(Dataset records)
▼

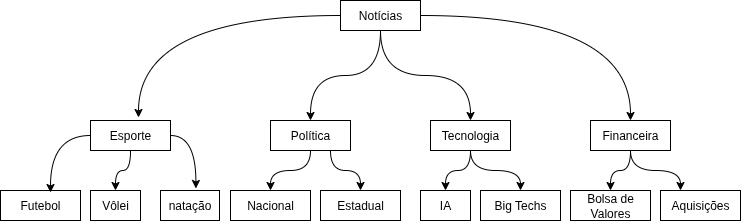

The diagram above was exported from draw.io. Its source (the exported page's mxGraphModel, read from the mxfile embedded in the PNG):
<mxGraphModel dx="1426" dy="945" grid="1" gridSize="10" guides="1" tooltips="1" connect="1" arrows="1" fold="1" page="1" pageScale="1" pageWidth="827" pageHeight="1169" math="0" shadow="0">
  <root>
    <mxCell id="0" />
    <mxCell id="1" parent="0" />
    <mxCell id="iIbPVUq56RB0w70N2ItV-19" style="edgeStyle=orthogonalEdgeStyle;rounded=0;orthogonalLoop=1;jettySize=auto;html=1;entryX=0.5;entryY=0;entryDx=0;entryDy=0;curved=1;" parent="1" source="iIbPVUq56RB0w70N2ItV-3" target="iIbPVUq56RB0w70N2ItV-8" edge="1">
      <mxGeometry relative="1" as="geometry" />
    </mxCell>
    <mxCell id="iIbPVUq56RB0w70N2ItV-20" style="edgeStyle=orthogonalEdgeStyle;rounded=0;orthogonalLoop=1;jettySize=auto;html=1;entryX=0.5;entryY=0;entryDx=0;entryDy=0;curved=1;exitX=0.5;exitY=1;exitDx=0;exitDy=0;" parent="1" source="iIbPVUq56RB0w70N2ItV-3" target="iIbPVUq56RB0w70N2ItV-12" edge="1">
      <mxGeometry relative="1" as="geometry" />
    </mxCell>
    <mxCell id="iIbPVUq56RB0w70N2ItV-21" style="edgeStyle=orthogonalEdgeStyle;rounded=0;orthogonalLoop=1;jettySize=auto;html=1;entryX=0.5;entryY=0;entryDx=0;entryDy=0;curved=1;" parent="1" source="iIbPVUq56RB0w70N2ItV-3" target="iIbPVUq56RB0w70N2ItV-14" edge="1">
      <mxGeometry relative="1" as="geometry" />
    </mxCell>
    <mxCell id="iIbPVUq56RB0w70N2ItV-3" value="Notícias" style="html=1;whiteSpace=wrap;" parent="1" vertex="1">
      <mxGeometry x="570" y="220" width="80" height="30" as="geometry" />
    </mxCell>
    <mxCell id="iIbPVUq56RB0w70N2ItV-23" style="edgeStyle=orthogonalEdgeStyle;rounded=0;orthogonalLoop=1;jettySize=auto;html=1;exitX=0.5;exitY=1;exitDx=0;exitDy=0;entryX=0.5;entryY=0;entryDx=0;entryDy=0;curved=1;" parent="1" source="iIbPVUq56RB0w70N2ItV-4" target="iIbPVUq56RB0w70N2ItV-6" edge="1">
      <mxGeometry relative="1" as="geometry" />
    </mxCell>
    <mxCell id="iIbPVUq56RB0w70N2ItV-4" value="Esporte" style="html=1;whiteSpace=wrap;" parent="1" vertex="1">
      <mxGeometry x="320" y="340" width="80" height="30" as="geometry" />
    </mxCell>
    <mxCell id="iIbPVUq56RB0w70N2ItV-5" value="Futebol" style="html=1;whiteSpace=wrap;" parent="1" vertex="1">
      <mxGeometry x="230" y="410" width="80" height="30" as="geometry" />
    </mxCell>
    <mxCell id="iIbPVUq56RB0w70N2ItV-6" value="Vôlei" style="html=1;whiteSpace=wrap;" parent="1" vertex="1">
      <mxGeometry x="320" y="410" width="50" height="30" as="geometry" />
    </mxCell>
    <mxCell id="iIbPVUq56RB0w70N2ItV-7" value="natação" style="html=1;whiteSpace=wrap;" parent="1" vertex="1">
      <mxGeometry x="390" y="410" width="59" height="30" as="geometry" />
    </mxCell>
    <mxCell id="A8Wr9y9uNHmNkQ8kYoEH-1" style="edgeStyle=orthogonalEdgeStyle;rounded=0;orthogonalLoop=1;jettySize=auto;html=1;exitX=0.5;exitY=1;exitDx=0;exitDy=0;entryX=0.5;entryY=0;entryDx=0;entryDy=0;curved=1;" edge="1" parent="1" source="iIbPVUq56RB0w70N2ItV-8" target="iIbPVUq56RB0w70N2ItV-9">
      <mxGeometry relative="1" as="geometry" />
    </mxCell>
    <mxCell id="A8Wr9y9uNHmNkQ8kYoEH-2" style="edgeStyle=orthogonalEdgeStyle;rounded=0;orthogonalLoop=1;jettySize=auto;html=1;exitX=0.75;exitY=1;exitDx=0;exitDy=0;entryX=0.5;entryY=0;entryDx=0;entryDy=0;curved=1;" edge="1" parent="1" source="iIbPVUq56RB0w70N2ItV-8" target="iIbPVUq56RB0w70N2ItV-10">
      <mxGeometry relative="1" as="geometry" />
    </mxCell>
    <mxCell id="iIbPVUq56RB0w70N2ItV-8" value="Política" style="html=1;whiteSpace=wrap;" parent="1" vertex="1">
      <mxGeometry x="500" y="340" width="80" height="30" as="geometry" />
    </mxCell>
    <mxCell id="iIbPVUq56RB0w70N2ItV-9" value="Nacional" style="html=1;whiteSpace=wrap;" parent="1" vertex="1">
      <mxGeometry x="460" y="410" width="80" height="30" as="geometry" />
    </mxCell>
    <mxCell id="iIbPVUq56RB0w70N2ItV-10" value="Estadual" style="html=1;whiteSpace=wrap;" parent="1" vertex="1">
      <mxGeometry x="550" y="410" width="80" height="30" as="geometry" />
    </mxCell>
    <mxCell id="A8Wr9y9uNHmNkQ8kYoEH-3" style="edgeStyle=orthogonalEdgeStyle;rounded=0;orthogonalLoop=1;jettySize=auto;html=1;exitX=0.5;exitY=1;exitDx=0;exitDy=0;entryX=0.5;entryY=0;entryDx=0;entryDy=0;curved=1;" edge="1" parent="1" source="iIbPVUq56RB0w70N2ItV-12" target="iIbPVUq56RB0w70N2ItV-13">
      <mxGeometry relative="1" as="geometry" />
    </mxCell>
    <mxCell id="A8Wr9y9uNHmNkQ8kYoEH-4" style="edgeStyle=orthogonalEdgeStyle;rounded=0;orthogonalLoop=1;jettySize=auto;html=1;entryX=0.5;entryY=0;entryDx=0;entryDy=0;curved=1;" edge="1" parent="1" source="iIbPVUq56RB0w70N2ItV-12" target="iIbPVUq56RB0w70N2ItV-15">
      <mxGeometry relative="1" as="geometry" />
    </mxCell>
    <mxCell id="iIbPVUq56RB0w70N2ItV-12" value="Tecnologia" style="html=1;whiteSpace=wrap;" parent="1" vertex="1">
      <mxGeometry x="660" y="340" width="80" height="30" as="geometry" />
    </mxCell>
    <mxCell id="iIbPVUq56RB0w70N2ItV-13" value="IA" style="html=1;whiteSpace=wrap;" parent="1" vertex="1">
      <mxGeometry x="650" y="410" width="50" height="30" as="geometry" />
    </mxCell>
    <mxCell id="A8Wr9y9uNHmNkQ8kYoEH-5" style="edgeStyle=orthogonalEdgeStyle;rounded=0;orthogonalLoop=1;jettySize=auto;html=1;curved=1;" edge="1" parent="1" source="iIbPVUq56RB0w70N2ItV-14" target="iIbPVUq56RB0w70N2ItV-16">
      <mxGeometry relative="1" as="geometry" />
    </mxCell>
    <mxCell id="A8Wr9y9uNHmNkQ8kYoEH-6" style="edgeStyle=orthogonalEdgeStyle;rounded=0;orthogonalLoop=1;jettySize=auto;html=1;entryX=0.25;entryY=0;entryDx=0;entryDy=0;curved=1;" edge="1" parent="1" source="iIbPVUq56RB0w70N2ItV-14" target="iIbPVUq56RB0w70N2ItV-17">
      <mxGeometry relative="1" as="geometry" />
    </mxCell>
    <mxCell id="iIbPVUq56RB0w70N2ItV-14" value="Financeira" style="html=1;whiteSpace=wrap;" parent="1" vertex="1">
      <mxGeometry x="820" y="340" width="80" height="30" as="geometry" />
    </mxCell>
    <mxCell id="iIbPVUq56RB0w70N2ItV-15" value="Big Techs" style="html=1;whiteSpace=wrap;" parent="1" vertex="1">
      <mxGeometry x="710" y="410" width="80" height="30" as="geometry" />
    </mxCell>
    <mxCell id="iIbPVUq56RB0w70N2ItV-16" value="Bolsa de Valores" style="html=1;whiteSpace=wrap;" parent="1" vertex="1">
      <mxGeometry x="800" y="410" width="80" height="30" as="geometry" />
    </mxCell>
    <mxCell id="iIbPVUq56RB0w70N2ItV-17" value="Aquisições" style="html=1;whiteSpace=wrap;" parent="1" vertex="1">
      <mxGeometry x="890" y="410" width="80" height="30" as="geometry" />
    </mxCell>
    <mxCell id="iIbPVUq56RB0w70N2ItV-18" style="edgeStyle=orthogonalEdgeStyle;rounded=0;orthogonalLoop=1;jettySize=auto;html=1;entryX=0.6;entryY=-0.1;entryDx=0;entryDy=0;entryPerimeter=0;curved=1;" parent="1" source="iIbPVUq56RB0w70N2ItV-3" target="iIbPVUq56RB0w70N2ItV-4" edge="1">
      <mxGeometry relative="1" as="geometry" />
    </mxCell>
    <mxCell id="iIbPVUq56RB0w70N2ItV-22" style="edgeStyle=orthogonalEdgeStyle;rounded=0;orthogonalLoop=1;jettySize=auto;html=1;entryX=0.625;entryY=0.067;entryDx=0;entryDy=0;entryPerimeter=0;curved=1;" parent="1" source="iIbPVUq56RB0w70N2ItV-4" target="iIbPVUq56RB0w70N2ItV-5" edge="1">
      <mxGeometry relative="1" as="geometry" />
    </mxCell>
    <mxCell id="iIbPVUq56RB0w70N2ItV-25" style="edgeStyle=orthogonalEdgeStyle;rounded=0;orthogonalLoop=1;jettySize=auto;html=1;exitX=1;exitY=0.5;exitDx=0;exitDy=0;entryX=0.6;entryY=-0.067;entryDx=0;entryDy=0;entryPerimeter=0;curved=1;" parent="1" source="iIbPVUq56RB0w70N2ItV-4" target="iIbPVUq56RB0w70N2ItV-7" edge="1">
      <mxGeometry relative="1" as="geometry" />
    </mxCell>
  </root>
</mxGraphModel>

▲

When a line among the entries contains "page", pull that line out.

The diagram above was exported from draw.io. Its source (the exported page's mxGraphModel, read from the mxfile embedded in the PNG):
<mxGraphModel dx="1426" dy="945" grid="1" gridSize="10" guides="1" tooltips="1" connect="1" arrows="1" fold="1" page="1" pageScale="1" pageWidth="827" pageHeight="1169" math="0" shadow="0">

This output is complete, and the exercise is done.